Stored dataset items

"""

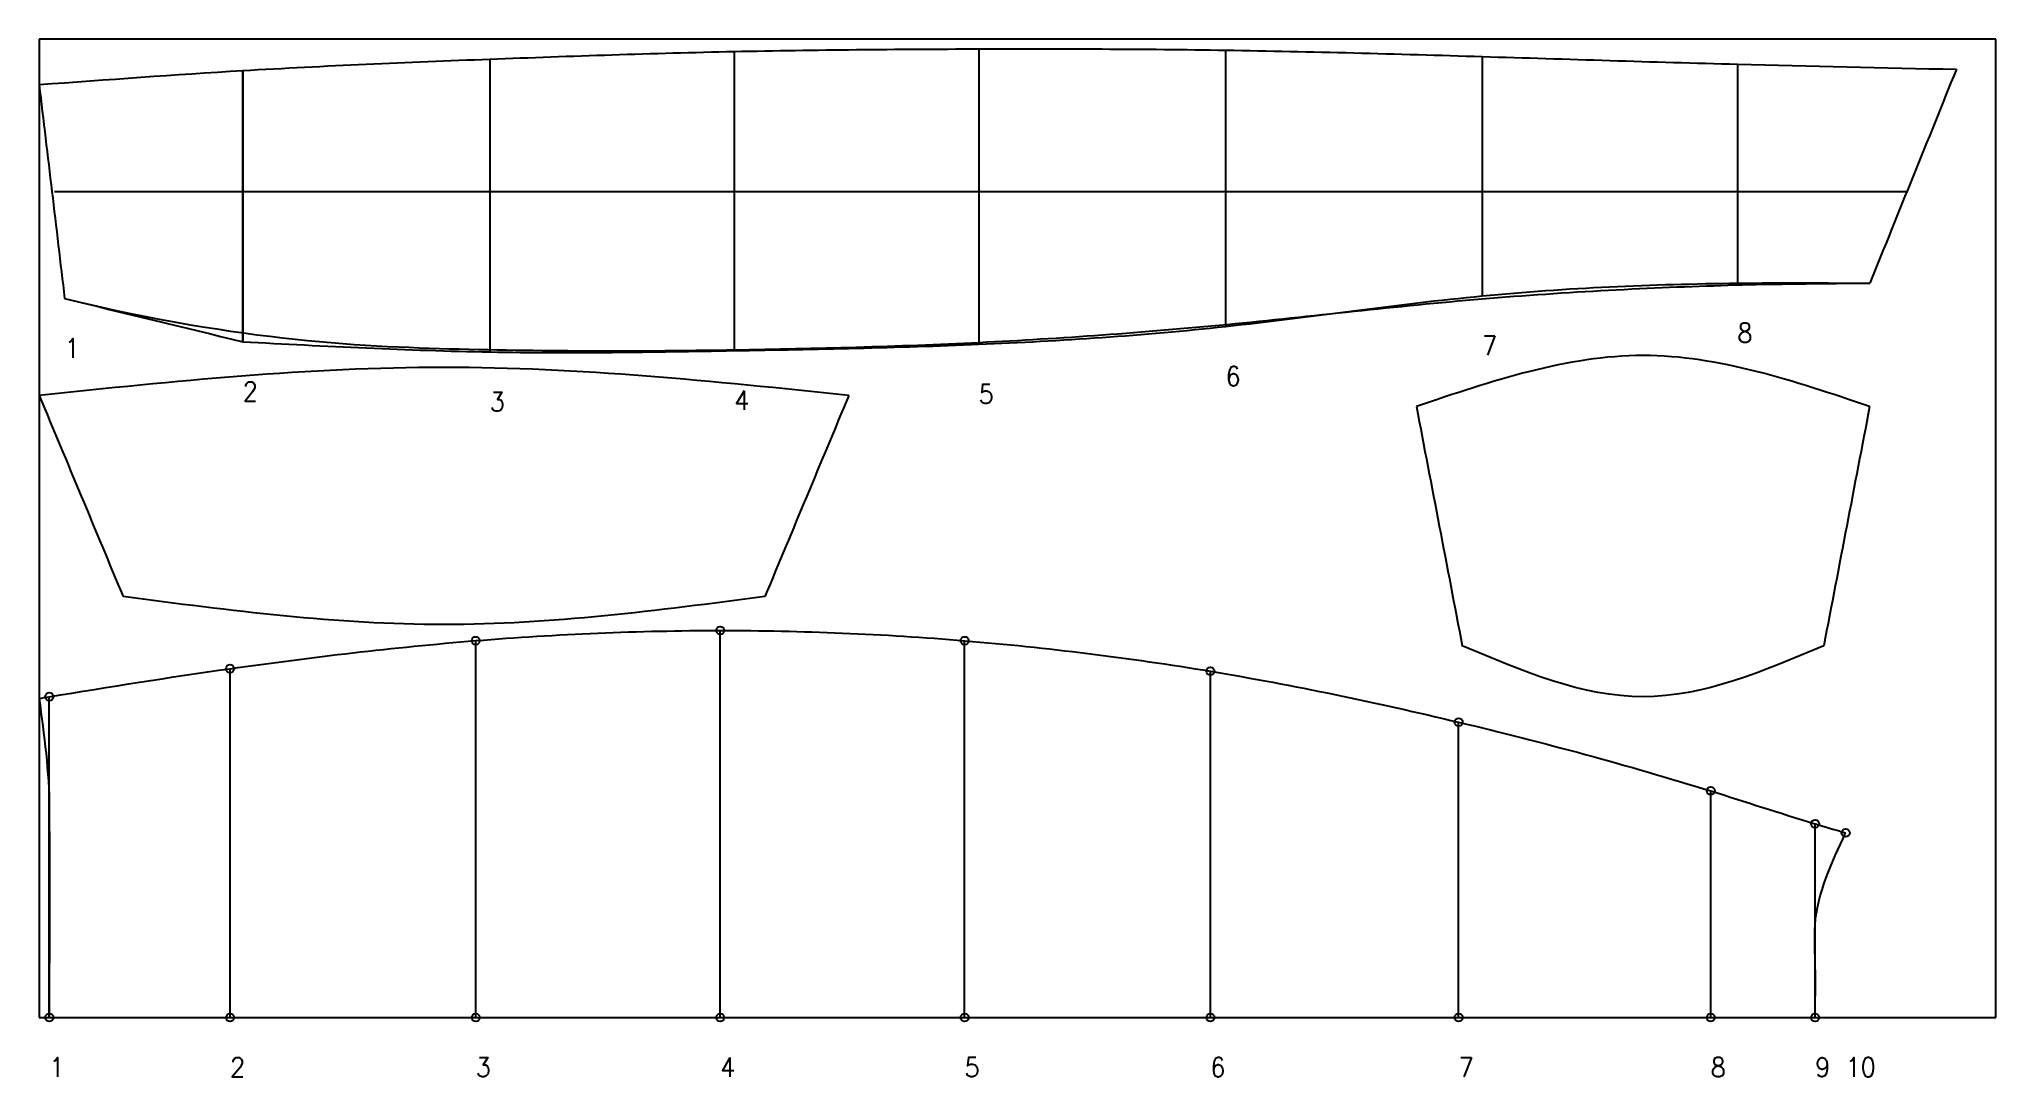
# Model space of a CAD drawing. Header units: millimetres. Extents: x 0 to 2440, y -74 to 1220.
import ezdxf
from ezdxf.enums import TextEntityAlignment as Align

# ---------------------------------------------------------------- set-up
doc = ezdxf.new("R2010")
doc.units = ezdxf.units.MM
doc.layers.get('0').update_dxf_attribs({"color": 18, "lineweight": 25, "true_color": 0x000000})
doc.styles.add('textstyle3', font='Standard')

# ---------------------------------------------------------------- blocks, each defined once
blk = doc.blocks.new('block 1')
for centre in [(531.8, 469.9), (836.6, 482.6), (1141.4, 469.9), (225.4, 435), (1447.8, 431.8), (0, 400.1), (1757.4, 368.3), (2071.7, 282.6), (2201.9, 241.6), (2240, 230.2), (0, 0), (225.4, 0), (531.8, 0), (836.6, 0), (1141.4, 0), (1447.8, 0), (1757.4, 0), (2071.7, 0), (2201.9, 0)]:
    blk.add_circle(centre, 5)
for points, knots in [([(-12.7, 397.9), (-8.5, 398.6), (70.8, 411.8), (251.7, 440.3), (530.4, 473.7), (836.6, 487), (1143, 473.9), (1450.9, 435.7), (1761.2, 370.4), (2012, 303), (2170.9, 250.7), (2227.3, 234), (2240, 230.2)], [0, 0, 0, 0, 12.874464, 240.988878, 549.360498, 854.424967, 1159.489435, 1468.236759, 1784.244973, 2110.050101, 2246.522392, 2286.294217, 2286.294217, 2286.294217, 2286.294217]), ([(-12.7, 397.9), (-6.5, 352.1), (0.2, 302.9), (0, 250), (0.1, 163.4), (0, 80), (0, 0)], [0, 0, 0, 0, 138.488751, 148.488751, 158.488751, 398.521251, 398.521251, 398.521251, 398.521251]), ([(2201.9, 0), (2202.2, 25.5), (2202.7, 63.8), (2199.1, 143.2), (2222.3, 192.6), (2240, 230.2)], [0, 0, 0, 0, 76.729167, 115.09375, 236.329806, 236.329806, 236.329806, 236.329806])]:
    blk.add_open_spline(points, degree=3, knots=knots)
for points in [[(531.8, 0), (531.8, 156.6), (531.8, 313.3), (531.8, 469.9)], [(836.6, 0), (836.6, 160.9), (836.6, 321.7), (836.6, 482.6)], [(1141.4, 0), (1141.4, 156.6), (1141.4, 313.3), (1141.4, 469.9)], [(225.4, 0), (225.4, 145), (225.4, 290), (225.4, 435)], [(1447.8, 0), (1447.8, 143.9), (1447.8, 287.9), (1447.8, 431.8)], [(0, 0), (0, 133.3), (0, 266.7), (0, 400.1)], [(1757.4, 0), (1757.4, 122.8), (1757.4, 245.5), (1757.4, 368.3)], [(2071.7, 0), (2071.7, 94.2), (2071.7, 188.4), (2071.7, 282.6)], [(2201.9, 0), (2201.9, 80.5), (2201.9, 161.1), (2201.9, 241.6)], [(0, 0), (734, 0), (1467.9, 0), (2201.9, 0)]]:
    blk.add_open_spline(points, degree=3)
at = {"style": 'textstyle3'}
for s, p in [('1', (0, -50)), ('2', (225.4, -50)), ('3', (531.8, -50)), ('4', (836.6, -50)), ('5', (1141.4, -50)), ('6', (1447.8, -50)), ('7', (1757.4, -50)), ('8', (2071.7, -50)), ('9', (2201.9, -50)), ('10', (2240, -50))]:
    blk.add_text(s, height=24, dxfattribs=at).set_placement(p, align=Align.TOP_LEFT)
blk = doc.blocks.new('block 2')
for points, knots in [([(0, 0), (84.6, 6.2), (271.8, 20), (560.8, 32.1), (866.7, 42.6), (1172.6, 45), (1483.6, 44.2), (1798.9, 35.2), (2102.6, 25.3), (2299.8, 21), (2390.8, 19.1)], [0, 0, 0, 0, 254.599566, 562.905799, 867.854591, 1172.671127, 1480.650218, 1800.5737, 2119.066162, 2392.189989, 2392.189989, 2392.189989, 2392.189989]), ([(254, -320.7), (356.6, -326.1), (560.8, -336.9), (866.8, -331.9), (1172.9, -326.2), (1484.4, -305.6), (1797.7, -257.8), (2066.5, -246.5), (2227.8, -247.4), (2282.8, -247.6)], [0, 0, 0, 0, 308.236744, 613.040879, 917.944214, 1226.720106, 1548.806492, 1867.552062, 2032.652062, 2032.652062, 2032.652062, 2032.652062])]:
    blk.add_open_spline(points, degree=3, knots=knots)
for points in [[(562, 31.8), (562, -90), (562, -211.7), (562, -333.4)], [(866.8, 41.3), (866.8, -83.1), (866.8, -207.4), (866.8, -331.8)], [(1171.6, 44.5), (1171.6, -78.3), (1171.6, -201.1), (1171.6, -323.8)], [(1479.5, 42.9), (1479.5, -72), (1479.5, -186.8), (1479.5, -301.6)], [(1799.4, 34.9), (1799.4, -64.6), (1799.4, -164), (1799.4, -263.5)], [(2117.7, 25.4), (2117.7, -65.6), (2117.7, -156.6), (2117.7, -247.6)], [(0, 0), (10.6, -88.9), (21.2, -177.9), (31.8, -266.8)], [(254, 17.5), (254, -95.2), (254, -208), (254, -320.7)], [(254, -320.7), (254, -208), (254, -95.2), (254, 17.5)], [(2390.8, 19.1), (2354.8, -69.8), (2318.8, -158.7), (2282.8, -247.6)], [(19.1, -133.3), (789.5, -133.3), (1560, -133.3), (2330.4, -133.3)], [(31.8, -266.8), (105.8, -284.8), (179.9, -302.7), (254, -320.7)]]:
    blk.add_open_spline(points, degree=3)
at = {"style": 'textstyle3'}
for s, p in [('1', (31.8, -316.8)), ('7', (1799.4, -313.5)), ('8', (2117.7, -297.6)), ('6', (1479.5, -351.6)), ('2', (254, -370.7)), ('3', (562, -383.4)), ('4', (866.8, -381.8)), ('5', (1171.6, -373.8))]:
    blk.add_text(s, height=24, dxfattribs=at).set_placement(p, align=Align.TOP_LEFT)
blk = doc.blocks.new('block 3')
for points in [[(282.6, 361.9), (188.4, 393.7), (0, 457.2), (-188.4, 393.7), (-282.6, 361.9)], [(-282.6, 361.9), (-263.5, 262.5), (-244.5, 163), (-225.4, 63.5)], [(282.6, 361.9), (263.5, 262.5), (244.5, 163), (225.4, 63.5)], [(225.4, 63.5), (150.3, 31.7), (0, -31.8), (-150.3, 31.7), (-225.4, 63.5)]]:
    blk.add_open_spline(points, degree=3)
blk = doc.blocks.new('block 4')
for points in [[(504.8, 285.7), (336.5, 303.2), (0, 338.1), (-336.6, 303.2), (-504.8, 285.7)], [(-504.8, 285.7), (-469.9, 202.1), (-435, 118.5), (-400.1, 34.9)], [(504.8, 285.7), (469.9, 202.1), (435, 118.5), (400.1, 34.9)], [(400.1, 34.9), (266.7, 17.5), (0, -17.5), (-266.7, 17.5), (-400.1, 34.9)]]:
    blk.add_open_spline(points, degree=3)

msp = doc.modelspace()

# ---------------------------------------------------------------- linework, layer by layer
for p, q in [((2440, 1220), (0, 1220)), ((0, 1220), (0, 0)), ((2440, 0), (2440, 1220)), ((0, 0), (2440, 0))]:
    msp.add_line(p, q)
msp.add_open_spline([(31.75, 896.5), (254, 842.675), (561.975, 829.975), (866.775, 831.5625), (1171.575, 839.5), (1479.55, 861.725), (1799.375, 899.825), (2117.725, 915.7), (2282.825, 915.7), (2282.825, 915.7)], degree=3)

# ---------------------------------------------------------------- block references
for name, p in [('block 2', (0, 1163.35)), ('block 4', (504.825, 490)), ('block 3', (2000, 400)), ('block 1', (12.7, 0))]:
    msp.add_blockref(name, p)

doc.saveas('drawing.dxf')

"""

Work to be completed |
Scan the entries above for the line containing "blk = doc.blocks.new('block 3')", and copy it and all lines after it exactly, down to and including the line containing "msp.add_line(p, q)".

Exercise response |
blk = doc.blocks.new('block 3')
for points in [[(282.6, 361.9), (188.4, 393.7), (0, 457.2), (-188.4, 393.7), (-282.6, 361.9)], [(-282.6, 361.9), (-263.5, 262.5), (-244.5, 163), (-225.4, 63.5)], [(282.6, 361.9), (263.5, 262.5), (244.5, 163), (225.4, 63.5)], [(225.4, 63.5), (150.3, 31.7), (0, -31.8), (-150.3, 31.7), (-225.4, 63.5)]]:
    blk.add_open_spline(points, degree=3)
blk = doc.blocks.new('block 4')
for points in [[(504.8, 285.7), (336.5, 303.2), (0, 338.1), (-336.6, 303.2), (-504.8, 285.7)], [(-504.8, 285.7), (-469.9, 202.1), (-435, 118.5), (-400.1, 34.9)], [(504.8, 285.7), (469.9, 202.1), (435, 118.5), (400.1, 34.9)], [(400.1, 34.9), (266.7, 17.5), (0, -17.5), (-266.7, 17.5), (-400.1, 34.9)]]:
    blk.add_open_spline(points, degree=3)

msp = doc.modelspace()

# ---------------------------------------------------------------- linework, layer by layer
for p, q in [((2440, 1220), (0, 1220)), ((0, 1220), (0, 0)), ((2440, 0), (2440, 1220)), ((0, 0), (2440, 0))]:
    msp.add_line(p, q)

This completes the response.